Your goal: Please count the lines in the material below that include "mechanical". Reply with the number alone.
_ _ _ _ _
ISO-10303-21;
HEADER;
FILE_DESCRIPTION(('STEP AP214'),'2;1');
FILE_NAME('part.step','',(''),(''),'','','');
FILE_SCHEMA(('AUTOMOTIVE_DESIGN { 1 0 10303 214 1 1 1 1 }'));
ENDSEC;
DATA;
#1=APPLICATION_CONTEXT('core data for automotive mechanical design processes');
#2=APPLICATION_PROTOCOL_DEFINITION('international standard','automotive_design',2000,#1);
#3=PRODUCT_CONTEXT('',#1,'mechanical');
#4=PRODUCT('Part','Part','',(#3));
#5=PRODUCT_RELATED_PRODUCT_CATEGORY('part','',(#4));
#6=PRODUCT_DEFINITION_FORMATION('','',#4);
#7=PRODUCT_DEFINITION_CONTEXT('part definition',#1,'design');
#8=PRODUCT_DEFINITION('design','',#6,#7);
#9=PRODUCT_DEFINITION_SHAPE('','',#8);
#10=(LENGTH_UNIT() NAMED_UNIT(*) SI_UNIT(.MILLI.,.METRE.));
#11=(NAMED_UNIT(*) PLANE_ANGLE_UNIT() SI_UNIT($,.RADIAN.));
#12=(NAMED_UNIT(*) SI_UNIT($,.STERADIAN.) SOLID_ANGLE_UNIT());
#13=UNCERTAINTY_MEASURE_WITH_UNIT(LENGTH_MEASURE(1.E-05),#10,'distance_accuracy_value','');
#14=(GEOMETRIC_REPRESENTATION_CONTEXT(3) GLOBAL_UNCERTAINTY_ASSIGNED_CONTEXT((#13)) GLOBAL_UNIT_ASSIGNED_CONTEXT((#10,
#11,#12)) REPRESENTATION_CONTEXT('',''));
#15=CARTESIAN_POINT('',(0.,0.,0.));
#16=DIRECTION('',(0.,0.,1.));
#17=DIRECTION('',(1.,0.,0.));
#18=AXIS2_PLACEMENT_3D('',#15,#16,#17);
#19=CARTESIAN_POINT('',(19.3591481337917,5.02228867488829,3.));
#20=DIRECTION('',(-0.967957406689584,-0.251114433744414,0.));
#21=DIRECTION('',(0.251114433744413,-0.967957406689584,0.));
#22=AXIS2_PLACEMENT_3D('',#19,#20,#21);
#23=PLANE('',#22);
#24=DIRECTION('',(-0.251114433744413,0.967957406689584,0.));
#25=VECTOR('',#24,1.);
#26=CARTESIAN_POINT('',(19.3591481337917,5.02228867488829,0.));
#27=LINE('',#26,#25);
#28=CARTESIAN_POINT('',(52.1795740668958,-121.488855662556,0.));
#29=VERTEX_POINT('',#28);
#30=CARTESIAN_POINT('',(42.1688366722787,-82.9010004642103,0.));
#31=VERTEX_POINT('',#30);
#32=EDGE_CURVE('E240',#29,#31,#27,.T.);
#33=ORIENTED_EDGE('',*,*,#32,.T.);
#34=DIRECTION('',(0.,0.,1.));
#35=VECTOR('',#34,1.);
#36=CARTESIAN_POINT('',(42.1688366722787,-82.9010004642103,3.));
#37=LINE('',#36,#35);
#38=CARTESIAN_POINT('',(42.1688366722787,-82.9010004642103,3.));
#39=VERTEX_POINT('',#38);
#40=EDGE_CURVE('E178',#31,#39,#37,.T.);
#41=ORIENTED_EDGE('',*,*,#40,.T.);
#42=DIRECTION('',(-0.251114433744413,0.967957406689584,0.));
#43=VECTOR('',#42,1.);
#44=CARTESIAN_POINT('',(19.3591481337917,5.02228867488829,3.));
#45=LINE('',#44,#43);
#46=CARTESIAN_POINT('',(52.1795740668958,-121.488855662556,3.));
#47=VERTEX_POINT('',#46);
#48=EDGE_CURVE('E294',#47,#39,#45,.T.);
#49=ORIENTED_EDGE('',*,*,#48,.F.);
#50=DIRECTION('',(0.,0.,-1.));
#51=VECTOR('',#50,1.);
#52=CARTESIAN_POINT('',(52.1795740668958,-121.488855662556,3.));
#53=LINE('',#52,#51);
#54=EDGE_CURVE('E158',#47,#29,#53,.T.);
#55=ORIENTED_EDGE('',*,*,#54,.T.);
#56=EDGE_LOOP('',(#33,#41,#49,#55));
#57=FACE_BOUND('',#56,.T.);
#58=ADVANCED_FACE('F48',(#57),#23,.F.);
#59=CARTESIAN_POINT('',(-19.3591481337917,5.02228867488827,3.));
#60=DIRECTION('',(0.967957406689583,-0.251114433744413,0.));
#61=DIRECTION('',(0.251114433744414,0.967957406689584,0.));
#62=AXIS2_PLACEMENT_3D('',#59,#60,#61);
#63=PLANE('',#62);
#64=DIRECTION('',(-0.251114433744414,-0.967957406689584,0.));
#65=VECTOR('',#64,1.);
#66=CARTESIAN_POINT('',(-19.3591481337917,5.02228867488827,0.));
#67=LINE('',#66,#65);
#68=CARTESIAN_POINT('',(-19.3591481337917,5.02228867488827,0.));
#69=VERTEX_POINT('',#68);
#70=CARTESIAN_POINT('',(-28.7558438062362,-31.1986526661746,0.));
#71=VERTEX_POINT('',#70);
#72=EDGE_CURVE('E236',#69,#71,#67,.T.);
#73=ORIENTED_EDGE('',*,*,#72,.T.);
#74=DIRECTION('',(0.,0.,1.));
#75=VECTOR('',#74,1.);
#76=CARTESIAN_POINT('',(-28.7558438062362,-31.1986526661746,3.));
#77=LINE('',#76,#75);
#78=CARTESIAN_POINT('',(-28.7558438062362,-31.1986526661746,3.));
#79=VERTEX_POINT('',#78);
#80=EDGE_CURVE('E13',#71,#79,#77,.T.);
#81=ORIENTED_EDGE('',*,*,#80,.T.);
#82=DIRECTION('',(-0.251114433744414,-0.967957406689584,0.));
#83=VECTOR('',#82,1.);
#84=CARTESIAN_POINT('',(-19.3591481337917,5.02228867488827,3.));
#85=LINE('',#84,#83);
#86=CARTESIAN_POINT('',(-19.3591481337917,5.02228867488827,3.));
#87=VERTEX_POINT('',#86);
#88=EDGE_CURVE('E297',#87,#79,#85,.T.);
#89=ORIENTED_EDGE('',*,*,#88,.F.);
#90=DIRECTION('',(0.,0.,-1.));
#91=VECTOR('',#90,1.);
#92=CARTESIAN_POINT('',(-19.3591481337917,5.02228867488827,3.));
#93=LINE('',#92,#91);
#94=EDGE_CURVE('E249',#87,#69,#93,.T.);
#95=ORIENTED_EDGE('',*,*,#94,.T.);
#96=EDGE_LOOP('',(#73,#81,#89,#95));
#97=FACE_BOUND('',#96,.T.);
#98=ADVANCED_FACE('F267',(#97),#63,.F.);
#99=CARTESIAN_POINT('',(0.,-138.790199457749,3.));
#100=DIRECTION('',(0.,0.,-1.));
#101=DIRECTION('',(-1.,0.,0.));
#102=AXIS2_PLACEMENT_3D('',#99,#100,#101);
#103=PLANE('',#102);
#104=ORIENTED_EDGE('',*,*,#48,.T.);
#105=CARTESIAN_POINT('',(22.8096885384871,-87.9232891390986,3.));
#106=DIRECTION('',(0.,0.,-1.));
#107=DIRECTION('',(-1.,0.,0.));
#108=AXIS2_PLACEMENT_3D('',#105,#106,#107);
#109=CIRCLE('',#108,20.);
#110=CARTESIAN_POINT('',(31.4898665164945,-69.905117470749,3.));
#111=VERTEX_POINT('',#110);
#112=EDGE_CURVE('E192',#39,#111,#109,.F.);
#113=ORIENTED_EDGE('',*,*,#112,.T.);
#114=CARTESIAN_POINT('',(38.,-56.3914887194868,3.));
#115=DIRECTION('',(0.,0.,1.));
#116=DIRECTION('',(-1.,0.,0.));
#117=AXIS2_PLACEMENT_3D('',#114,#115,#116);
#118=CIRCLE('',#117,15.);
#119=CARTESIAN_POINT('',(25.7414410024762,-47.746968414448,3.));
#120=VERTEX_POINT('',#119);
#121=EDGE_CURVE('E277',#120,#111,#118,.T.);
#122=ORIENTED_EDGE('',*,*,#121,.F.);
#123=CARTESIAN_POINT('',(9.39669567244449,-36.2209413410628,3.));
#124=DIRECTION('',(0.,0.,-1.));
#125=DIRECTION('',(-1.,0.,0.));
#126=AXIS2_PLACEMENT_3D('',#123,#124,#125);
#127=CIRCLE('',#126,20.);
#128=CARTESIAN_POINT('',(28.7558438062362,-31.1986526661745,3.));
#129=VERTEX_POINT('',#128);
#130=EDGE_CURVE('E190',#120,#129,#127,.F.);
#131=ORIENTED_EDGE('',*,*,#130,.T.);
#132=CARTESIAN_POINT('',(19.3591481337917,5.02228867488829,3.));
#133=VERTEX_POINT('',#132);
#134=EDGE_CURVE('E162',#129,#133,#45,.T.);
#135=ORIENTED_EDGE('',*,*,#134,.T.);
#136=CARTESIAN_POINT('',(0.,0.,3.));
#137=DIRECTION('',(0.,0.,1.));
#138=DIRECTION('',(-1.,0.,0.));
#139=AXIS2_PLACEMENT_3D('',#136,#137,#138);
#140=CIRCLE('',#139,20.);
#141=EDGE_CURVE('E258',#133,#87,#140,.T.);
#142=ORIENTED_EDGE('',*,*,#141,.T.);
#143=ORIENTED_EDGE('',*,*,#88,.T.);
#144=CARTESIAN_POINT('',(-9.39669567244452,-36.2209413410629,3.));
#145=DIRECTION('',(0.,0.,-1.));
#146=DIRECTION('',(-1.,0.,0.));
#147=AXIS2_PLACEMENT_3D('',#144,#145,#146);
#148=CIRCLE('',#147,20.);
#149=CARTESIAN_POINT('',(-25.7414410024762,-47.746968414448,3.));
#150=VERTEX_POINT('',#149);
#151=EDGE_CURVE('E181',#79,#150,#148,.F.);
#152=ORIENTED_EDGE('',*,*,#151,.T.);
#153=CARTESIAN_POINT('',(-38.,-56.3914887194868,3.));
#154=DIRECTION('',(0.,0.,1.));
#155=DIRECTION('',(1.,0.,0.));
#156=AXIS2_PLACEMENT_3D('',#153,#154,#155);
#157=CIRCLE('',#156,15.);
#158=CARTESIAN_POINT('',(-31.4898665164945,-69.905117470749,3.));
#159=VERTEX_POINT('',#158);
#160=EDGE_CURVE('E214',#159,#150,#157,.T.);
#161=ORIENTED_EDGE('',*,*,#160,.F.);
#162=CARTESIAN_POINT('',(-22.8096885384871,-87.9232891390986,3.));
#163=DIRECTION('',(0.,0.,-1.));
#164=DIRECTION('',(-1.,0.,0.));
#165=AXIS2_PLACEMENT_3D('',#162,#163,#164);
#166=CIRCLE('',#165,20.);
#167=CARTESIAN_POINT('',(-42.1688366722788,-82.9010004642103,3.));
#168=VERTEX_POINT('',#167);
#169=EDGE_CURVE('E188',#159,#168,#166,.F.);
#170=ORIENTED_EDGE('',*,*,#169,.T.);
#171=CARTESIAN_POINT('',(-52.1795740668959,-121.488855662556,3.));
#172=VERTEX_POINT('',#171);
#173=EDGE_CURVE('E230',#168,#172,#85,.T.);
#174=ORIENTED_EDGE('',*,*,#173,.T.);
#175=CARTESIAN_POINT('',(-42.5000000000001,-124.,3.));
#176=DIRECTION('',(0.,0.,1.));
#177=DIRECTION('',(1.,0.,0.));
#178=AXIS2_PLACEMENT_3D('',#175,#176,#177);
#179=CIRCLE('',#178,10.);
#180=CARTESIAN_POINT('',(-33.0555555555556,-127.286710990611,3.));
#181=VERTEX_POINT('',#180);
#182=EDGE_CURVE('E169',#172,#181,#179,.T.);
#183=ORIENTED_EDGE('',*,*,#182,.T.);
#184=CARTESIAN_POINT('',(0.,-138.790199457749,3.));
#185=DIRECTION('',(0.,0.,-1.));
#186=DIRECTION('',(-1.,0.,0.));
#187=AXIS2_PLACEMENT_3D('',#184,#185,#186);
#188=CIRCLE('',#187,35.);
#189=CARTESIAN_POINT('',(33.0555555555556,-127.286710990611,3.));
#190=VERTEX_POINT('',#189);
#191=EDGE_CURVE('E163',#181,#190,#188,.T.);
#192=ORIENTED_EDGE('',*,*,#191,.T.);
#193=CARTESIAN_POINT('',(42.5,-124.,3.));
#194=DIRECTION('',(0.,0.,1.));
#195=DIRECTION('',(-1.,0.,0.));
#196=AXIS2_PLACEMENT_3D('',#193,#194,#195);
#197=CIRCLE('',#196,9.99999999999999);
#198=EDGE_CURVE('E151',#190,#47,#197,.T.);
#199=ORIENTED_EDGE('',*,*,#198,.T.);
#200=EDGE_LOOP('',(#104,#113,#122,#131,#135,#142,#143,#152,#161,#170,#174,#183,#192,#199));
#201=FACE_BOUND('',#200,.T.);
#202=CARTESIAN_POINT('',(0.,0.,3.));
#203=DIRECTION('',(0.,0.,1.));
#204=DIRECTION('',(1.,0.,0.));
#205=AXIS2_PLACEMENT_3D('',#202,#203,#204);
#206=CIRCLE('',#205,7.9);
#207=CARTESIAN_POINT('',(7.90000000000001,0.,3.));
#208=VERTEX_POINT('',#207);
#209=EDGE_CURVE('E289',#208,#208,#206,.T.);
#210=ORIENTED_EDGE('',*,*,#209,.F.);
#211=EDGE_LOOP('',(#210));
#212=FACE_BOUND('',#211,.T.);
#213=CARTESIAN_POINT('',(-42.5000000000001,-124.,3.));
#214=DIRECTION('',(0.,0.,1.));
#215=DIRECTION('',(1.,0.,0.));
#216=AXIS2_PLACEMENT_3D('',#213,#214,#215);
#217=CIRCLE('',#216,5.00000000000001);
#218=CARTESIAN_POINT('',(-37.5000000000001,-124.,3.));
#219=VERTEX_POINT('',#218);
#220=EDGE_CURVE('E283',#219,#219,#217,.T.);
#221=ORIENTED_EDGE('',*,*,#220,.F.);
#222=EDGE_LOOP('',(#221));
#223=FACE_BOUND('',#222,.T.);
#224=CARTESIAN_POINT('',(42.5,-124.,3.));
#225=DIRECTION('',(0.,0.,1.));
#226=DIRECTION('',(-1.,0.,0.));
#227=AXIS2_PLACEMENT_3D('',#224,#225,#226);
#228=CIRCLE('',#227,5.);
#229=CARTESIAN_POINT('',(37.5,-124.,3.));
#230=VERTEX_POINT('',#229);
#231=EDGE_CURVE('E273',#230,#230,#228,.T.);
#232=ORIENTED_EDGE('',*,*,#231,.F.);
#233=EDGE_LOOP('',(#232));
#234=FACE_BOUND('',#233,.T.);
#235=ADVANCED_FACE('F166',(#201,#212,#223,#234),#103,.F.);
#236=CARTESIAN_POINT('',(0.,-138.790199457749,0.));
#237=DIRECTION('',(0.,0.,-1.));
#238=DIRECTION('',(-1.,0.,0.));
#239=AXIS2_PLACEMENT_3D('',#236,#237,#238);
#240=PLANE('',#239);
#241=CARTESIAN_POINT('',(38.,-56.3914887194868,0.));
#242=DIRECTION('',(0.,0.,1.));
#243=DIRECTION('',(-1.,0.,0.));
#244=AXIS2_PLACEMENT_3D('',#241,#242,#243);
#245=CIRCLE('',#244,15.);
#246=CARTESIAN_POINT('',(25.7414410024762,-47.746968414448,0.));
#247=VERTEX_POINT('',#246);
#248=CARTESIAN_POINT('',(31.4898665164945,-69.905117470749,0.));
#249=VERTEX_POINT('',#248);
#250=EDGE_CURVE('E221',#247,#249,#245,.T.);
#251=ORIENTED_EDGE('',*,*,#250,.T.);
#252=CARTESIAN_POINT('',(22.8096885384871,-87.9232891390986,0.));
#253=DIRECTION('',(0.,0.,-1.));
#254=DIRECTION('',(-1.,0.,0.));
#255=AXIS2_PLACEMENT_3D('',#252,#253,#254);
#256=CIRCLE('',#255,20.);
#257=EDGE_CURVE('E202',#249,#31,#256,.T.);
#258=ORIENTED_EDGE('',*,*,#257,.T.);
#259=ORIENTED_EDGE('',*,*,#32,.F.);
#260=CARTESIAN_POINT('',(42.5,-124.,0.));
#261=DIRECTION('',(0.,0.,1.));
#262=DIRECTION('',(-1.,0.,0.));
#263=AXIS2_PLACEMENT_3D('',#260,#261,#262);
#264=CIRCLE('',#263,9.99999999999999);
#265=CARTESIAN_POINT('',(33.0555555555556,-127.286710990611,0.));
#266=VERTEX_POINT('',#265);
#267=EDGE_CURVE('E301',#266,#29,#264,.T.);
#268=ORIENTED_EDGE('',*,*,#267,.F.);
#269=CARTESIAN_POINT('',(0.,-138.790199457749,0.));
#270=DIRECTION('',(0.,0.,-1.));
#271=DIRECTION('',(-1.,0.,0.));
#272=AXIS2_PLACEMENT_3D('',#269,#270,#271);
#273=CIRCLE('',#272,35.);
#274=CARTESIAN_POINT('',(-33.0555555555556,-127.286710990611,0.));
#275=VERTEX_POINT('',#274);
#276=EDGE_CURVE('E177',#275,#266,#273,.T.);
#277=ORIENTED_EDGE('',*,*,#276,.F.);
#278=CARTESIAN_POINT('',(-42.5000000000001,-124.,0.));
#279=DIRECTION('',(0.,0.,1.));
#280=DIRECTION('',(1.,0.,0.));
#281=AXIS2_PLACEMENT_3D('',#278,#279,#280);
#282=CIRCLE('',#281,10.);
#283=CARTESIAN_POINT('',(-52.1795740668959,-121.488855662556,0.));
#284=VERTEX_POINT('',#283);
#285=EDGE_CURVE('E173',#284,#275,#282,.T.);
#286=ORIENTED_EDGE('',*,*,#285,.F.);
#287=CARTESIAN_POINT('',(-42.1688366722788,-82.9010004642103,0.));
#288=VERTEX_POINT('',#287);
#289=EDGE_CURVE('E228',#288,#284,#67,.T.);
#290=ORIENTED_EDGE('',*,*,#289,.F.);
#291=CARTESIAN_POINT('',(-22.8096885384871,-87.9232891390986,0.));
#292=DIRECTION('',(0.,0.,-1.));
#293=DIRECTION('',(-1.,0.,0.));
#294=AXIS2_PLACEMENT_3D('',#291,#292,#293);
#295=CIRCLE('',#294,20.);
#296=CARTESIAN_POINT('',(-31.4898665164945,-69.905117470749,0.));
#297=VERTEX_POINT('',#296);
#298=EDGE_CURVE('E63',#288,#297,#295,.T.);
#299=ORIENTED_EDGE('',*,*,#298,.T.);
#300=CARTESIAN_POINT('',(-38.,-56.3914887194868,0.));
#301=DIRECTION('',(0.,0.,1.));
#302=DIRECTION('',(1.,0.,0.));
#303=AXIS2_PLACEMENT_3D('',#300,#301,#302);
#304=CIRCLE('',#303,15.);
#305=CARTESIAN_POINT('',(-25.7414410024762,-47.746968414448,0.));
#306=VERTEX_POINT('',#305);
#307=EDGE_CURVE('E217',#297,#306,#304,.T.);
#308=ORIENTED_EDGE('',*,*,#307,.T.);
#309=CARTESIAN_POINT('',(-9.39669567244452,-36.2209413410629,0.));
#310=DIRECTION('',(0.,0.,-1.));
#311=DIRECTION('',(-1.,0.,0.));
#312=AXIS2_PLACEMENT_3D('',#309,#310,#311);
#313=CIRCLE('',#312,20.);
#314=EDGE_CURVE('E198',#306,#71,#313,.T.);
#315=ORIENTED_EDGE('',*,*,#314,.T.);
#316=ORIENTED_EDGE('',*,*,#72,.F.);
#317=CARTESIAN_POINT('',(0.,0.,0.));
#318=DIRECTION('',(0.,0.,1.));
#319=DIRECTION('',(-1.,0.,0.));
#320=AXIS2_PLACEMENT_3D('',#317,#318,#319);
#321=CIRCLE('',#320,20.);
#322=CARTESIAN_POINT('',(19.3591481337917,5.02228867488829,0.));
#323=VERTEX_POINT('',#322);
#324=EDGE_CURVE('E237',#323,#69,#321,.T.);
_ _ _ _ _
Exercise result: 2